Tuesday, March 29, 2011

Q&A: Dimensional vs ER Model for the Data Warehouse

A question about the fundamental data architecture of the data warehouse:

Q: We are embarking on designing a warehouse for our BI efforts.  Someone asked if we should create the warehouse in a dimensional structure, rather than the typical ER structures.

Everything I’ve read and seen has advocated the warehouse be ER modeled at the lowest level of detail appropriate and then for specific mart needs, the data is modeled dimensionally at a grain that is consistent with the needs for that mart, utilizing conformed dimensions.
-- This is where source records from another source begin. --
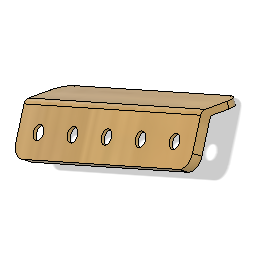
case_front (Autodesk Fusion 360 design; units mm, degrees)
Autodesk Fusion 360 part; units mm, degrees
sketch "Sketch1" plane through (0, 0, 0) normal (0, 1, 0) x (1, 0, 0)
  line L0 (-19.8209, 9.4872) -> (107.1791, 9.4872) construction
  line L1 (107.1791, 9.4872) -> (107.1791, -15.9128) construction
  line L2 (107.1791, -15.9128) -> (-19.8209, -15.9128) construction
  line L3 (-19.8209, -15.9128) -> (-19.8209, 9.4872) construction
  line L4 (43.6791, 9.4872) -> (43.6791, -15.9128) construction
  line L5 (107.1791, -3.2128) -> (-19.8209, -3.2128) construction
  line L6 (116.1791, -17.0528) -> (-28.8209, -17.0528)
  line L7 (-28.8209, -17.0528) -> (-28.8209, 12.9472)
  line L8 (-28.8209, 12.9472) -> (116.1791, 12.9472)
  line L9 (116.1791, 12.9472) -> (116.1791, -17.0528)
  circle A0 centre (43.6791, -3.2128) radius 4.2
  circle A1 centre (-12.2009, -3.2128) radius 4.2
  circle A2 centre (99.5591, -3.2128) radius 4.2
  circle A3 centre (15.7391, -3.2128) radius 4.2
  circle A4 centre (71.6191, -3.2128) radius 4.2
  point P0 (43.6791, -3.2128)
  dimension "d3" = 127
  dimension "d4" = 25.4
  dimension "d7" = 145
  dimension "d8" = 30
  dimension "d9" = 8.4
  dimension "d10" = 8.4
  dimension "d12" = 8.4
  dimension "d14" = 8.4
  dimension "d15" = 8.4
  dimension "d16" = 27.94
  dimension "d17" = 27.94
  dimension "d18" = 27.94
  dimension "d19" = 27.94
  dimension "d47" = 13.84
  constraint horizontal L0
  constraint vertical L1
  constraint horizontal L2
  constraint vertical L3
  constraint midpoint L0 L4.start
  constraint midpoint L2 L4.end
  constraint midpoint L1 L5.start
  constraint midpoint L3 L5.end
  constraint horizontal L6
  constraint perpendicular L6 L7
  constraint parallel L6 L8
  constraint parallel L7 L9
  constraint midpoint L4 P0
  constraint coincident P0 A0.centre
  constraint coincident L5 A1.centre
  constraint coincident L5 A2.centre
  constraint coincident L5 A3.centre
  constraint coincident L5 A4.centre
  measures "d3" distance of L0.start L0.end
  measures "d4" distance of L0.start L2.end
  measures "d7" distance of L7.end L8.end
  measures "d8" distance of L6.end L7.end
  measures "d9" diameter of A0
  measures "d10" diameter of A1
  measures "d12" diameter of A2
  measures "d14" diameter of A4
  measures "d15" diameter of A3
  measures "d16" distance of P0 A3.centre
  measures "d17" distance of P0 A4.centre
  measures "d18" distance of A2.centre A4.centre
  measures "d19" distance of A1.centre A3.centre
  measures "d47" distance of L5 L6
extrude "Extrude1" add sketch "Sketch1" along normal blind 4
sketch "Sketch2" plane through (116.1791, 0, 0) normal (1, 0, 0) x (0, 0, -1)
  line L0 (-17.0528, 0) -> (12.9472, 0)
  line L1 (12.9472, 0) -> (12.9472, 4)
  line L2 (12.9472, 4) -> (-17.0528, 4)
  line L3 (-17.0528, 4) -> (-17.0528, 0)
  line L4 (12.9472, 4) -> (25.266, -17.3367)
  line L5 (25.266, -17.3367) -> (21.8019, -19.3367)
  line L6 (21.8019, -19.3367) -> (8.3284, 4)
  dimension "d23" = 4
  dimension "d25" = 120
  constraint coincident L1.end L2.start
  constraint perpendicular L4 L5
  constraint coincident L2 L6.end
  constraint perpendicular L5 L6
  measures "d23" distance of L4.end L5.end
  measures "d25" angle of L2 L4
extrude "Extrude2" add sketch "Sketch2" against normal blind 145 contours L0 L1 L4 L5 L6
fillet "Fillet1" radius 8.4 2 edges at (-28.8209, 2, 17.0528) (116.1791, 2, 17.0528)
fillet "Fillet2" radius 8.4 2 edges at (-28.8209, -18.3367, -23.5339) (116.1791, -18.3367, -23.5339)
fillet "Fillet3" radius 4 1 edges at (43.6791, 4, -12.9472)
sketch "Sketch3" plane through (0, 0, 0) normal (0, -1, 0) x (1, 0, 0)
  arc A0 (116.1791, 8.6528) -> (107.7791, 17.0528) centre (107.7791, 8.6528) ccw
  line L0 (107.7791, 17.0528) -> (-20.4209, 17.0528)
  arc A1 (-20.4209, 17.0528) -> (-28.8209, 8.6528) centre (-20.4209, 8.6528) ccw
  line L1 (-28.8209, 8.6528) -> (-28.8209, -10.6378)
  line L2 (-28.8209, -10.6378) -> (116.1791, -10.6378)
  line L3 (116.1791, -10.6378) -> (116.1791, 8.6528)
  circle A2 centre (99.5591, 3.2128) radius 4.2
  circle A3 centre (43.6791, 3.2128) radius 4.2
  circle A4 centre (-12.2009, 3.2128) radius 4.2
  circle A5 centre (15.7391, 3.2128) radius 4.2
  circle A6 centre (71.6191, 3.2128) radius 4.2
  line L4 (-27.8209, -9.6378) -> (115.1791, -9.6378)
  line L5 (115.1791, -9.6378) -> (115.1791, 8.6528)
  arc A7 (115.1791, 8.6528) -> (107.7791, 16.0528) centre (107.7791, 8.6528) ccw
  line L6 (107.7791, 16.0528) -> (-20.4209, 16.0528)
  arc A8 (-20.4209, 16.0528) -> (-27.8209, 8.6528) centre (-20.4209, 8.6528) ccw
  line L7 (-27.8209, 8.6528) -> (-27.8209, -9.6378)
  constraint parallel L2 L4
  constraint parallel L3 L5
  constraint concentric A0 A7
  constraint parallel L0 L6
  constraint concentric A1 A8
  constraint parallel L1 L7
  constraint tangent A7 L6
  constraint tangent A8 L7
  constraint tangent L5 A7
  constraint tangent L6 A8
extrude "Extrude4" add sketch "Sketch3" along normal blind 2 contours A0 L0 A1 L1 L2 L3
draft "Draft1" angle -35 neutral plane through (116.1791, -19.3367, -21.8019) pull (0, -0.5, 0.866025) 1 faces at (19.5124, -0.6667, -10.6378)
fillet "Fillet5" radius 2 1 edges at (43.6791, -2, -11.7925)
extrude "Extrude5" cut 1 faces at (-23.952, 0, 0.3299) along direction (0, 1, 0) blind 2
extrude "Extrude3" [suppressed]
fillet "Fillet4" [suppressed]
equation "pcb_width = 127 mm" comment "width of pcb"
equation "pcb_length = 25.4 mm"
equation "d3 = pcb_width"
equation "d4 = pcb_length"
equation "dists_bw_pot_centres = 27.94 mm" comment "distance between potentiometer centres"
equation "m7_clearance = 8.4 mm" comment "clearance hole for m7, which is the pot clearance hole"
equation "d9 = m7_clearance"
equation "d10 = m7_clearance"
equation "d12 = m7_clearance"
equation "d14 = m7_clearance"
equation "d15 = m7_clearance"
equation "d16 = dists_bw_pot_centres"
equation "d17 = dists_bw_pot_centres"
equation "d18 = dists_bw_pot_centres"
equation "d19 = dists_bw_pot_centres"
equation "d20 = thickness"
equation "thickness = 4 mm"
equation "d23 = thickness"
equation "d25 = panel_angle"
equation "panel_angle = 120 deg"
equation "d30 = m7_clearance"
equation "d32 = m7_clearance"
equation "d34 = thickness"
named bodies: "main"

My question then is, have you seen any instances where a Warehouse (or BI Warehouse) has been designed and built successfully utilizing a non ER structural approach?

A: Your question deals with the primary difference between two popular data architectures -- those associated with W.H. Inmon and Ralph Kimball.

Two Architectures

Normalized ER models are great for capturing data, but very difficult to use for analytic reporting.  That's why Inmon believes that, although the enterprise data warehouse should be normalized, the data marts should be dimensional. This approach is the one you have read about.

But it is also possible to use a dimensional model as an integrated repository of atomic data. That is the Kimball philosophy -- dimensional all the way. This repository may be centralized (physical) or distributed (logical) repository. In either case, conformed dimensions ensure compatibility across subject ares.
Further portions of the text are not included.